## What to produce
Copy the data verbatim and leave out every picture.

[Opening Information section]

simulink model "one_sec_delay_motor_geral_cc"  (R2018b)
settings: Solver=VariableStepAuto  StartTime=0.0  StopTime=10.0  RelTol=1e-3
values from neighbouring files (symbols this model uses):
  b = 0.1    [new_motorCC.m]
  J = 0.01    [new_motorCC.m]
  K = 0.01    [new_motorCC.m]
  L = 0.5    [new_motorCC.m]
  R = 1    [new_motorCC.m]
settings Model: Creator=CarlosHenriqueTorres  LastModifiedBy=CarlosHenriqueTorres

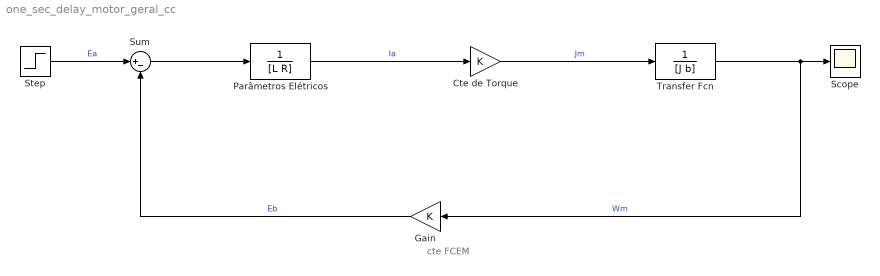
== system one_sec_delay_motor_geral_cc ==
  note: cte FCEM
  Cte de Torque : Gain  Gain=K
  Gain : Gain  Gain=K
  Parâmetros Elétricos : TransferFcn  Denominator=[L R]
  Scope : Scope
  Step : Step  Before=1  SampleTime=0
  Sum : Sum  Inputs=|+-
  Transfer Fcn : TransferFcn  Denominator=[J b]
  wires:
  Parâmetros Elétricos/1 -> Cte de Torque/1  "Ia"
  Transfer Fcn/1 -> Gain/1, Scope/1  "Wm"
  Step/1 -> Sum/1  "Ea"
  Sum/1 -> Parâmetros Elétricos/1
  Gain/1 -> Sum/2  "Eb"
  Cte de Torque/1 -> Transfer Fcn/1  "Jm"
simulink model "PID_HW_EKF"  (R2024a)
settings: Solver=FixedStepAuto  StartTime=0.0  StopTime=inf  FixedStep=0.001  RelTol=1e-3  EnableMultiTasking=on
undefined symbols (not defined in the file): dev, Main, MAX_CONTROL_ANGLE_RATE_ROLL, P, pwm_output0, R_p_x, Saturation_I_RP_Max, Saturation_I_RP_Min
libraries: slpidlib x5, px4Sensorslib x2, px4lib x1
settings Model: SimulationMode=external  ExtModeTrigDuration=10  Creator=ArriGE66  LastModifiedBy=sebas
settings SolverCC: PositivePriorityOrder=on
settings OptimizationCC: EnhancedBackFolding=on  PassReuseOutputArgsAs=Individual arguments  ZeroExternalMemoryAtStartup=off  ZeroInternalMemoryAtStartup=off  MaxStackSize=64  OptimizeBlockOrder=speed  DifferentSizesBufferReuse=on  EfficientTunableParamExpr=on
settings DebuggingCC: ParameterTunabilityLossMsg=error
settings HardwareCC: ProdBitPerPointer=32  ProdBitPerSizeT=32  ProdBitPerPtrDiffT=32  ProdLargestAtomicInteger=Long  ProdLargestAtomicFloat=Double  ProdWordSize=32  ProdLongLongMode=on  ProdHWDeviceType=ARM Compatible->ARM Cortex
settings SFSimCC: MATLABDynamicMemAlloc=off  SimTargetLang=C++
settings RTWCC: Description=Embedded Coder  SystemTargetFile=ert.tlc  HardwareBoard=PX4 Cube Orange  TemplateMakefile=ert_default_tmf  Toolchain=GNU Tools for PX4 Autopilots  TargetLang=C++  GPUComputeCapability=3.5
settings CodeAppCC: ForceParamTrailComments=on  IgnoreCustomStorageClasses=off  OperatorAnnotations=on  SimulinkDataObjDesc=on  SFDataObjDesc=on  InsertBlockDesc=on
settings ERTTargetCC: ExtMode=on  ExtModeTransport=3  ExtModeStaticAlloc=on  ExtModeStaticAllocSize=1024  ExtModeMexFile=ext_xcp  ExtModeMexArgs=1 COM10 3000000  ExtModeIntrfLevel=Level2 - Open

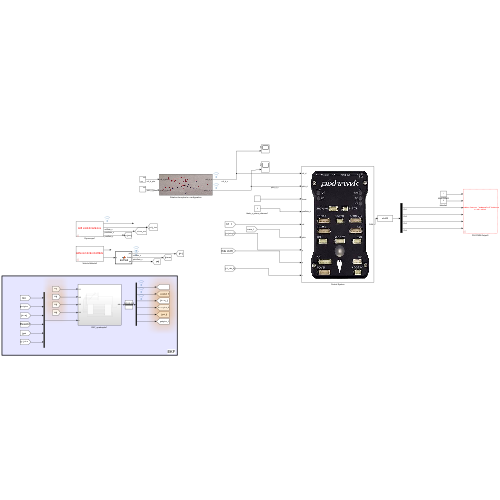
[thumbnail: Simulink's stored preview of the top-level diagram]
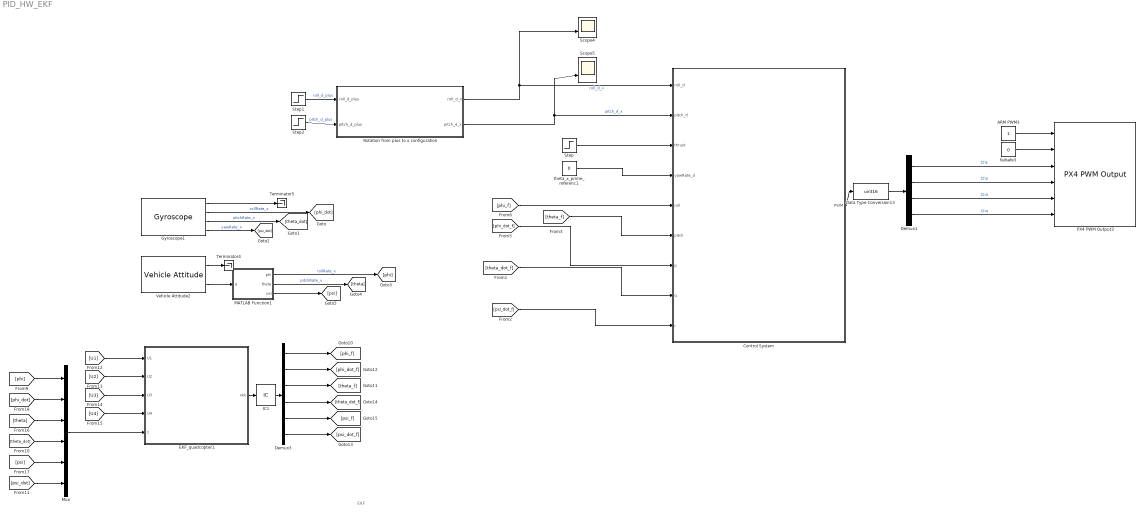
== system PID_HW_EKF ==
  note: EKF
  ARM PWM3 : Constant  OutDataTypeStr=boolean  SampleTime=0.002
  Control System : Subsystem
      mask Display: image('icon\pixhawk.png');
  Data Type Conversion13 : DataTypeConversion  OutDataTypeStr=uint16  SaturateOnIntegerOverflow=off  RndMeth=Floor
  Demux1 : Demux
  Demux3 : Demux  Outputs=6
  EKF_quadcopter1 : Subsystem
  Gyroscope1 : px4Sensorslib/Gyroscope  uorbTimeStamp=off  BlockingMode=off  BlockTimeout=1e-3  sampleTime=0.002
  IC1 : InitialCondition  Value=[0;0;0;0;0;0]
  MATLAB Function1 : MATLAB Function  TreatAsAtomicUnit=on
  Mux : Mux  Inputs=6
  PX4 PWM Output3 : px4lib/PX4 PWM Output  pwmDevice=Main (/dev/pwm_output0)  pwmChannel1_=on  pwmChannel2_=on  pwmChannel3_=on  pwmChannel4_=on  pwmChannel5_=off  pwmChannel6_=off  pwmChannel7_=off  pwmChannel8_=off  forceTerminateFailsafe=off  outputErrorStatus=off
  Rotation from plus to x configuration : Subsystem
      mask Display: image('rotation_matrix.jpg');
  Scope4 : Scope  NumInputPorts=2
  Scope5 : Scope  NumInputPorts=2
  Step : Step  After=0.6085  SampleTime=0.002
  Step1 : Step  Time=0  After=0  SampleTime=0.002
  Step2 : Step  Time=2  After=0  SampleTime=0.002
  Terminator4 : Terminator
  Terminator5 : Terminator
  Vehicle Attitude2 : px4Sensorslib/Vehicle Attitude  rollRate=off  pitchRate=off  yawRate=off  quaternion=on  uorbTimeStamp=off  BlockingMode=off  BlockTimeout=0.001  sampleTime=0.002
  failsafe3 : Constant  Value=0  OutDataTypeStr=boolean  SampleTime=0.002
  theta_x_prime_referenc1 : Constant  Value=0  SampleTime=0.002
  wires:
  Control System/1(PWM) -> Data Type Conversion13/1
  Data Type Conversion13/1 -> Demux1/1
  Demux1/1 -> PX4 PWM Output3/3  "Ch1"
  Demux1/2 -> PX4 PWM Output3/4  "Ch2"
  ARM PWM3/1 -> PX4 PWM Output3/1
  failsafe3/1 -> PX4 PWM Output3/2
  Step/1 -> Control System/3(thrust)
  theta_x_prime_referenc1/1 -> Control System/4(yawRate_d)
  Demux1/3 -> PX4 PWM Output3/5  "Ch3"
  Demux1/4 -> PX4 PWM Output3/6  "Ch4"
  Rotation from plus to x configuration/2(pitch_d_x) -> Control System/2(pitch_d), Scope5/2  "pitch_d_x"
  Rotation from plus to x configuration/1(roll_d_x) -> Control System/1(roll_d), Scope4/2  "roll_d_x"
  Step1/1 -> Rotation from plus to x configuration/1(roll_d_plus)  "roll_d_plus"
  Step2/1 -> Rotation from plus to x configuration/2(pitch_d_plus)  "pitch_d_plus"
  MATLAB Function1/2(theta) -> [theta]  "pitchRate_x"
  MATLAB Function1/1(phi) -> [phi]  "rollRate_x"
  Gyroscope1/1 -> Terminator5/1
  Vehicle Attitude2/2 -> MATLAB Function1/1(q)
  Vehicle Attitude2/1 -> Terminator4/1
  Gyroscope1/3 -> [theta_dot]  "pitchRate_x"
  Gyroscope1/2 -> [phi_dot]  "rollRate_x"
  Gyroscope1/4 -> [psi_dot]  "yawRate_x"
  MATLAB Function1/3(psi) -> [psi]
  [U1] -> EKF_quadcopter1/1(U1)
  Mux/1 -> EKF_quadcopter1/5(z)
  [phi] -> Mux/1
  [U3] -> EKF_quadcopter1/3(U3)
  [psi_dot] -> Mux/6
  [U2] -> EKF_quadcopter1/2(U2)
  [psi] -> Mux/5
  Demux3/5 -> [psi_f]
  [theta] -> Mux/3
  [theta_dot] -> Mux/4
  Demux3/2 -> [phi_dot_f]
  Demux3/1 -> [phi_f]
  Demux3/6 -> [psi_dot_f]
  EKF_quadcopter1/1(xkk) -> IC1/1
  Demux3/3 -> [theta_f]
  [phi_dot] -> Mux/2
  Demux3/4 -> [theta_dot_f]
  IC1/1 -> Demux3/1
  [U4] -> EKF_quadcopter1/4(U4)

[Closing Information section]

## Completed exercise
simulink model "one_sec_delay_motor_geral_cc"  (R2018b)
settings: Solver=VariableStepAuto  StartTime=0.0  StopTime=10.0  RelTol=1e-3
values from neighbouring files (symbols this model uses):
  b = 0.1    [new_motorCC.m]
  J = 0.01    [new_motorCC.m]
  K = 0.01    [new_motorCC.m]
  L = 0.5    [new_motorCC.m]
  R = 1    [new_motorCC.m]
settings Model: Creator=CarlosHenriqueTorres  LastModifiedBy=CarlosHenriqueTorres

== system one_sec_delay_motor_geral_cc ==
  note: cte FCEM
  Cte de Torque : Gain  Gain=K
  Gain : Gain  Gain=K
  Parâmetros Elétricos : TransferFcn  Denominator=[L R]
  Scope : Scope
  Step : Step  Before=1  SampleTime=0
  Sum : Sum  Inputs=|+-
  Transfer Fcn : TransferFcn  Denominator=[J b]
  wires:
  Parâmetros Elétricos/1 -> Cte de Torque/1  "Ia"
  Transfer Fcn/1 -> Gain/1, Scope/1  "Wm"
  Step/1 -> Sum/1  "Ea"
  Sum/1 -> Parâmetros Elétricos/1
  Gain/1 -> Sum/2  "Eb"
  Cte de Torque/1 -> Transfer Fcn/1  "Jm"
simulink model "PID_HW_EKF"  (R2024a)
settings: Solver=FixedStepAuto  StartTime=0.0  StopTime=inf  FixedStep=0.001  RelTol=1e-3  EnableMultiTasking=on
undefined symbols (not defined in the file): dev, Main, MAX_CONTROL_ANGLE_RATE_ROLL, P, pwm_output0, R_p_x, Saturation_I_RP_Max, Saturation_I_RP_Min
libraries: slpidlib x5, px4Sensorslib x2, px4lib x1
settings Model: SimulationMode=external  ExtModeTrigDuration=10  Creator=ArriGE66  LastModifiedBy=sebas
settings SolverCC: PositivePriorityOrder=on
settings OptimizationCC: EnhancedBackFolding=on  PassReuseOutputArgsAs=Individual arguments  ZeroExternalMemoryAtStartup=off  ZeroInternalMemoryAtStartup=off  MaxStackSize=64  OptimizeBlockOrder=speed  DifferentSizesBufferReuse=on  EfficientTunableParamExpr=on
settings DebuggingCC: ParameterTunabilityLossMsg=error
settings HardwareCC: ProdBitPerPointer=32  ProdBitPerSizeT=32  ProdBitPerPtrDiffT=32  ProdLargestAtomicInteger=Long  ProdLargestAtomicFloat=Double  ProdWordSize=32  ProdLongLongMode=on  ProdHWDeviceType=ARM Compatible->ARM Cortex
settings SFSimCC: MATLABDynamicMemAlloc=off  SimTargetLang=C++
settings RTWCC: Description=Embedded Coder  SystemTargetFile=ert.tlc  HardwareBoard=PX4 Cube Orange  TemplateMakefile=ert_default_tmf  Toolchain=GNU Tools for PX4 Autopilots  TargetLang=C++  GPUComputeCapability=3.5
settings CodeAppCC: ForceParamTrailComments=on  IgnoreCustomStorageClasses=off  OperatorAnnotations=on  SimulinkDataObjDesc=on  SFDataObjDesc=on  InsertBlockDesc=on
settings ERTTargetCC: ExtMode=on  ExtModeTransport=3  ExtModeStaticAlloc=on  ExtModeStaticAllocSize=1024  ExtModeMexFile=ext_xcp  ExtModeMexArgs=1 COM10 3000000  ExtModeIntrfLevel=Level2 - Open

[thumbnail: Simulink's stored preview of the top-level diagram]
== system PID_HW_EKF ==
  note: EKF
  ARM PWM3 : Constant  OutDataTypeStr=boolean  SampleTime=0.002
  Control System : Subsystem
      mask Display: image('icon\pixhawk.png');
  Data Type Conversion13 : DataTypeConversion  OutDataTypeStr=uint16  SaturateOnIntegerOverflow=off  RndMeth=Floor
  Demux1 : Demux
  Demux3 : Demux  Outputs=6
  EKF_quadcopter1 : Subsystem
  Gyroscope1 : px4Sensorslib/Gyroscope  uorbTimeStamp=off  BlockingMode=off  BlockTimeout=1e-3  sampleTime=0.002
  IC1 : InitialCondition  Value=[0;0;0;0;0;0]
  MATLAB Function1 : MATLAB Function  TreatAsAtomicUnit=on
  Mux : Mux  Inputs=6
  PX4 PWM Output3 : px4lib/PX4 PWM Output  pwmDevice=Main (/dev/pwm_output0)  pwmChannel1_=on  pwmChannel2_=on  pwmChannel3_=on  pwmChannel4_=on  pwmChannel5_=off  pwmChannel6_=off  pwmChannel7_=off  pwmChannel8_=off  forceTerminateFailsafe=off  outputErrorStatus=off
  Rotation from plus to x configuration : Subsystem
      mask Display: image('rotation_matrix.jpg');
  Scope4 : Scope  NumInputPorts=2
  Scope5 : Scope  NumInputPorts=2
  Step : Step  After=0.6085  SampleTime=0.002
  Step1 : Step  Time=0  After=0  SampleTime=0.002
  Step2 : Step  Time=2  After=0  SampleTime=0.002
  Terminator4 : Terminator
  Terminator5 : Terminator
  Vehicle Attitude2 : px4Sensorslib/Vehicle Attitude  rollRate=off  pitchRate=off  yawRate=off  quaternion=on  uorbTimeStamp=off  BlockingMode=off  BlockTimeout=0.001  sampleTime=0.002
  failsafe3 : Constant  Value=0  OutDataTypeStr=boolean  SampleTime=0.002
  theta_x_prime_referenc1 : Constant  Value=0  SampleTime=0.002
  wires:
  Control System/1(PWM) -> Data Type Conversion13/1
  Data Type Conversion13/1 -> Demux1/1
  Demux1/1 -> PX4 PWM Output3/3  "Ch1"
  Demux1/2 -> PX4 PWM Output3/4  "Ch2"
  ARM PWM3/1 -> PX4 PWM Output3/1
  failsafe3/1 -> PX4 PWM Output3/2
  Step/1 -> Control System/3(thrust)
  theta_x_prime_referenc1/1 -> Control System/4(yawRate_d)
  Demux1/3 -> PX4 PWM Output3/5  "Ch3"
  Demux1/4 -> PX4 PWM Output3/6  "Ch4"
  Rotation from plus to x configuration/2(pitch_d_x) -> Control System/2(pitch_d), Scope5/2  "pitch_d_x"
  Rotation from plus to x configuration/1(roll_d_x) -> Control System/1(roll_d), Scope4/2  "roll_d_x"
  Step1/1 -> Rotation from plus to x configuration/1(roll_d_plus)  "roll_d_plus"
  Step2/1 -> Rotation from plus to x configuration/2(pitch_d_plus)  "pitch_d_plus"
  MATLAB Function1/2(theta) -> [theta]  "pitchRate_x"
  MATLAB Function1/1(phi) -> [phi]  "rollRate_x"
  Gyroscope1/1 -> Terminator5/1
  Vehicle Attitude2/2 -> MATLAB Function1/1(q)
  Vehicle Attitude2/1 -> Terminator4/1
  Gyroscope1/3 -> [theta_dot]  "pitchRate_x"
  Gyroscope1/2 -> [phi_dot]  "rollRate_x"
  Gyroscope1/4 -> [psi_dot]  "yawRate_x"
  MATLAB Function1/3(psi) -> [psi]
  [U1] -> EKF_quadcopter1/1(U1)
  Mux/1 -> EKF_quadcopter1/5(z)
  [phi] -> Mux/1
  [U3] -> EKF_quadcopter1/3(U3)
  [psi_dot] -> Mux/6
  [U2] -> EKF_quadcopter1/2(U2)
  [psi] -> Mux/5
  Demux3/5 -> [psi_f]
  [theta] -> Mux/3
  [theta_dot] -> Mux/4
  Demux3/2 -> [phi_dot_f]
  Demux3/1 -> [phi_f]
  Demux3/6 -> [psi_dot_f]
  EKF_quadcopter1/1(xkk) -> IC1/1
  Demux3/3 -> [theta_f]
  [phi_dot] -> Mux/2
  Demux3/4 -> [theta_dot_f]
  IC1/1 -> Demux3/1
  [U4] -> EKF_quadcopter1/4(U4)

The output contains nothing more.